I have been trying for hours to debug what I thought was a #Treafik regression causing massive CPU usage to the point that my own (very small) dockerized services I host for my family are getting slow and hard to reach.

But no, my meager virtual server is just being DDoSed by stupid #AI bots downloading pieces of my webpage over and over and over again. It looks like the steps described in https://www.mayrhofer.eu.org/post/defenses-against-abusive-ai-scrapers/ are no longer working, and I need to start looking into actual IP blocking. However, as AI fraudsters are resorting to using massive client pools for downloading, that will also become difficult.

This is new. The AI scraper bots amounting to over 90% of all traffic until a couple of weeks ago were annoying, but my services still worked. Now it has reached the level of active denial of service.

I declare partial success with much more aggressive connection, request, and transfer rate throttling in the embedded #nginx instance that serves my static page (plus the dynamic link maze that caught the stupid "AI" scraper bots...) behind #traefik (causing the TLS termination part to be overloaded and blocking authenticated users from legitimate access).

https://www.mayrhofer.eu.org/post/defenses-against-abusive-ai-scrapers/nginx-default.conf is the current rate limiting config, https://www.mayrhofer.eu.org/post/defenses-against-abusive-ai-scrapers has the explanations.

Something like https://blog.lrvt.de/configuring-crowdsec-with-traefik/ will probably have to be the next level of escalation to deal with the issue on a global level.

@rene_mobile I see a class action lawsuit... :-(
@rene_mobile someone has created a proxy to fight the AI bots : https://anubis.techaro.lol/
Anubis: Web AI Firewall Utility | Anubis

Weigh the soul of incoming HTTP requests to protect your website!

@rene_mobile In the end, we may need ip-range traffic-shaping stuff to just slow all users down to _user_ level usage. 🙁
@rene_mobile
To make the AI bot life miserable, install
anubis proof of work https://anubis.techaro.lol/
Or
checkpoint cryptographic challenge https://github.com/vaxerski/checkpoint
Or
nepenthes infinite maze https://zadzmo.org/code/nepenthes/
Or
quixotic nonsense generator
https://marcusb.org/hacks/quixotic.html
Anubis: Web AI Firewall Utility | Anubis

Weigh the soul of incoming HTTP requests to protect your website!

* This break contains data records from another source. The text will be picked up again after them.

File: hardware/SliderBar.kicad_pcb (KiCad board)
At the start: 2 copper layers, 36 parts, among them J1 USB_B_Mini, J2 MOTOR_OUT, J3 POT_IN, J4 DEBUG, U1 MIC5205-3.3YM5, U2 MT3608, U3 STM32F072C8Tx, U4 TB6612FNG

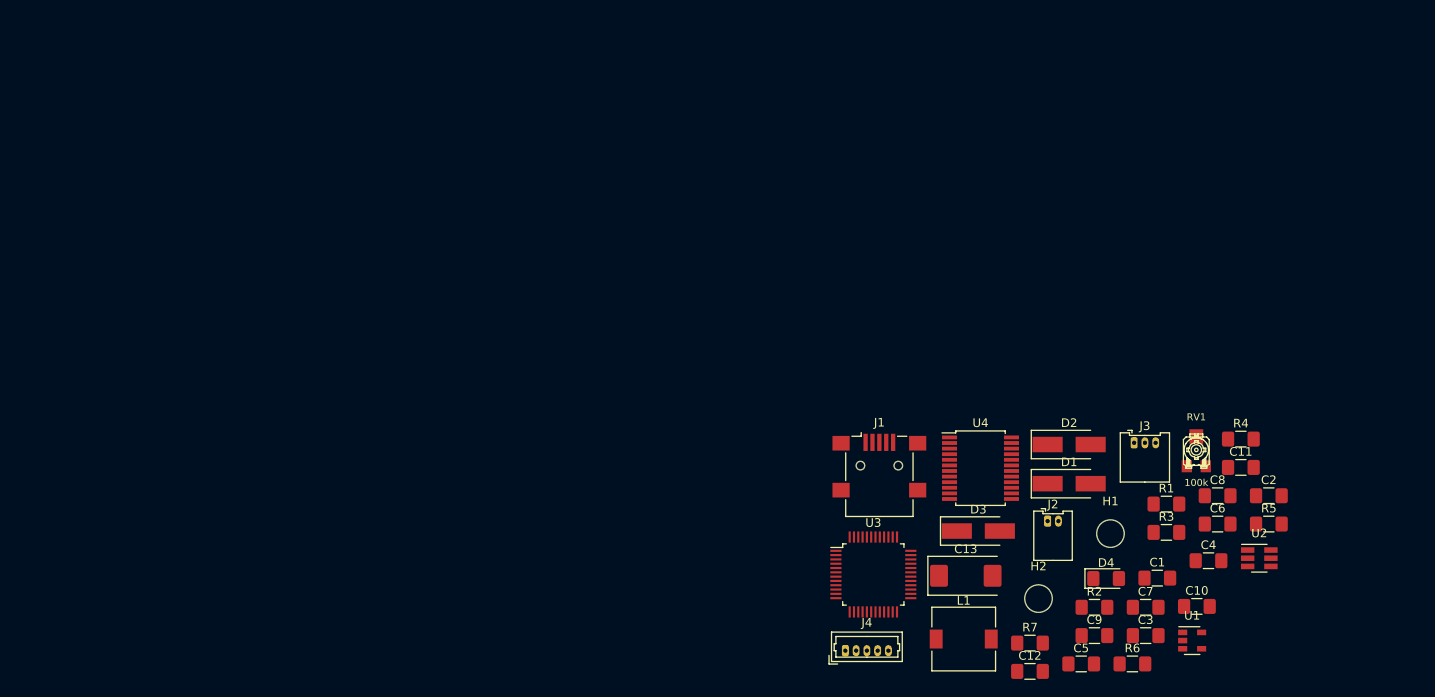
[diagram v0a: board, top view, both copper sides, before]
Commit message: Fix potentiometer wiring, move Nelib library outside of project
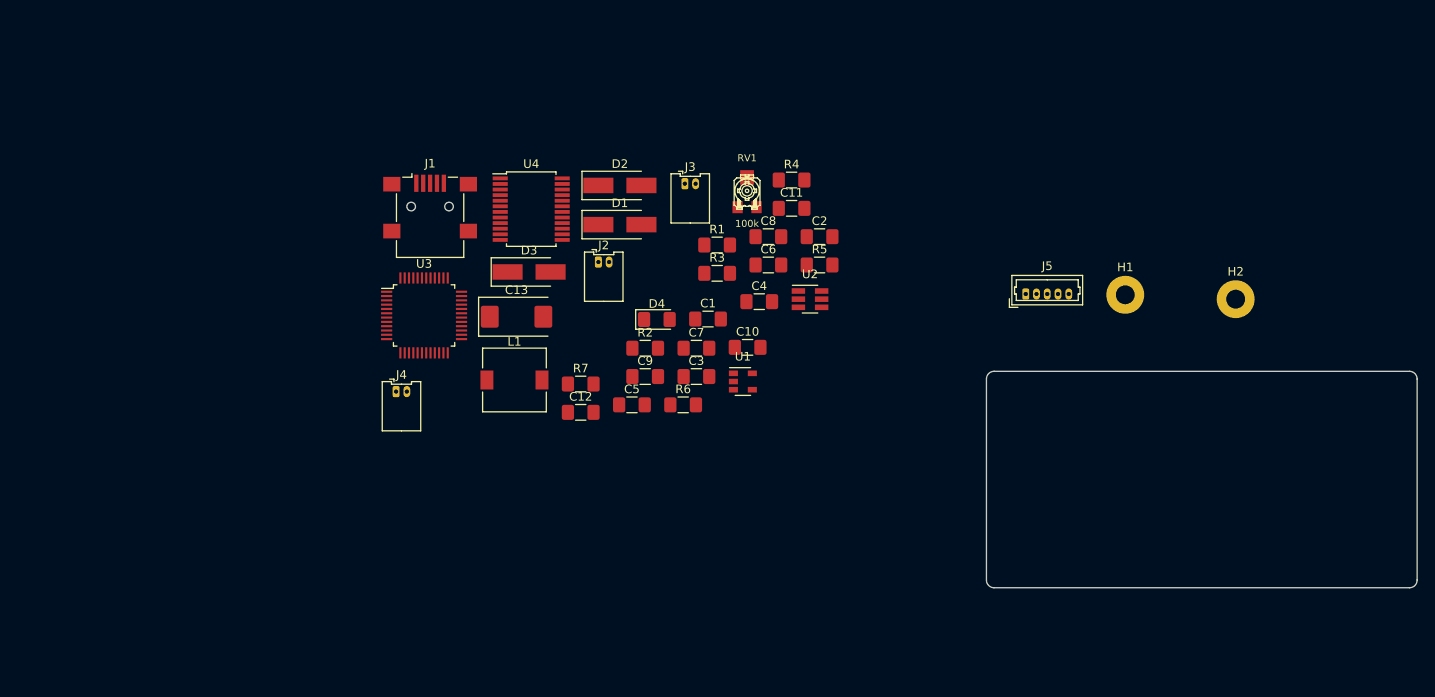
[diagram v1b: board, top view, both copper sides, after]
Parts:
- added J5: DEBUG, Connector_Molex:Molex_PicoBlade_53047-0510_1x05_P1.25mm_Vertical, F.Cu at (141.9, 46.9)
- H1, H2: footprint MountingHole:MountingHole_3.2mm_M3_ISO14580 -> MountingHole:MountingHole_2.2mm_M2_Pad
- J2: value MOTOR_OUT -> MOTOR
- J3: value POT_IN -> TAPER_RIGHT; footprint Connector_Molex:Molex_PicoBlade_53048-0310_1x03_P1.25mm_Horizontal -> Connector_Molex:Molex_PicoBlade_53048-0210_1x02_P1.25mm_Horizontal
- J4: value DEBUG -> TAPER_LEFT; footprint Connector_Molex:Molex_PicoBlade_53047-0510_1x05_P1.25mm_Vertical -> Connector_Molex:Molex_PicoBlade_53048-0210_1x02_P1.25mm_Horizontal
- moved R6 60.3 mm to (102.1, 59.8)
- moved C1 60.3 mm to (104.9, 49.8)
- moved C11 60.3 mm to (114.7, 36.9)
- moved C12 60.3 mm to (90.2, 60.6)
- moved C2 60.3 mm to (117.9, 40.2)
- moved C3 60.3 mm to (103.6, 56.5)
- moved C7 60.3 mm to (103.6, 53.2)
- moved D3 60.3 mm to (84.2, 44.3)
- moved D4 60.3 mm to (99.0, 49.9)
- moved J1 60.3 mm to (72.7, 36.7)
- moved J3 60.3 mm to (102.3, 34.1)
- moved J4 60.3 mm to (68.7, 58.2)
- moved R1 60.3 mm to (106.0, 41.2)
- moved R3 60.3 mm to (106.0, 44.5)
- moved R4 60.3 mm to (114.7, 33.7)
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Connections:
- J4 pad 1: SWDIO -> TOUCH_SENSE
- RV1 pad 2: Net-(RV1-Pad2) -> (no net)
- U3 pad 14: Net-(U3-Pad14) -> (no net)
- U3 pad 15: Net-(U3-Pad15) -> (no net)
- U3 pad 16: Net-(U3-Pad16) -> (no net)
- U3 pad 17: Net-(U3-Pad17) -> (no net)
- U3 pad 19: Net-(U3-Pad19) -> (no net)
- U3 pad 2: Net-(U3-Pad2) -> (no net)
- U3 pad 20: Net-(U3-Pad20) -> (no net)
- U3 pad 21: Net-(U3-Pad21) -> (no net)
- U3 pad 22: Net-(U3-Pad22) -> (no net)
- U3 pad 25: Net-(U3-Pad25) -> (no net)
- U3 pad 26: Net-(U3-Pad26) -> (no net)
- U3 pad 27: Net-(U3-Pad27) -> (no net)
- U3 pad 28: Net-(U3-Pad28) -> (no net)
- U3 pad 29: Net-(U3-Pad29) -> (no net)
- U3 pad 3: Net-(U3-Pad3) -> (no net)
- U3 pad 30: Net-(U3-Pad30) -> (no net)
- U3 pad 31: Net-(U3-Pad31) -> (no net)
- U3 pad 38: Net-(U3-Pad38) -> (no net)
- U3 pad 39: Net-(U3-Pad39) -> (no net)
- U3 pad 4: Net-(U3-Pad4) -> (no net)
- U3 pad 40: Net-(U3-Pad40) -> (no net)
- U3 pad 41: Net-(U3-Pad41) -> (no net)
- U3 pad 42: Net-(U3-Pad42) -> (no net)
- U3 pad 43: Net-(U3-Pad43) -> (no net)
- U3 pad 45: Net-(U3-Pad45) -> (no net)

@gunstick I am using Quixotic right now instead of Nepenthes (because it was easier to get to run in my setup and seems quite a bit more efficient). Not sure if Anubis or Checkpoint work without Javascript support - I am trying to keep my (static) webpage completely usable without client-side code execution so far. If a site doesn't have the constraint, they will probably work very well...

@rene_mobile i'm curious: do they at least have a proper user agent, or just chrome as it's probably a puppeteer/selenium thing?

My suggestion: You embed a script that gets blocked by easylist - and anyone who hits it gets blocklisted for 10 minutes + forwarded to google via js.

I'd asume even jsblocking crawlers would still try to open the js - unlick jsblockers or adblockers.

@rnbwdsh User agent strings seem to be intentionally misleading. Some examples I see:
"Mozilla/5.0 (X11; U; Linux armv7l; en-GB; rv:1.9.2.3pre) Gecko/20100723 Firefox/3.6.11", "Mozilla/5.0 (Windows; U; Windows NT 5.2; en-US) AppleWebKit/533.4 (KHTML, like Gecko) Chrome/5.0.375.99 Safari/533.4", "Mozilla/5.0 (Macintosh; U; PPC Mac OS X; en) AppleWebKit/418 (KHTML, like Gecko) Safari/417.9.2", Mozilla/5.0 (X11; U; Linux i686; en-US) AppleWebKit/534.16 (KHTML, like Gecko) Chrome/10.0.648.134 Safari/534.16", "Mozilla/5.0 (Windows NT 6.1; WOW64; rv:2.0b6pre) Gecko/20100903 Firefox/4.0b6pre", etc.

That's part of why I am calling them out as illegal, malicious DDoS.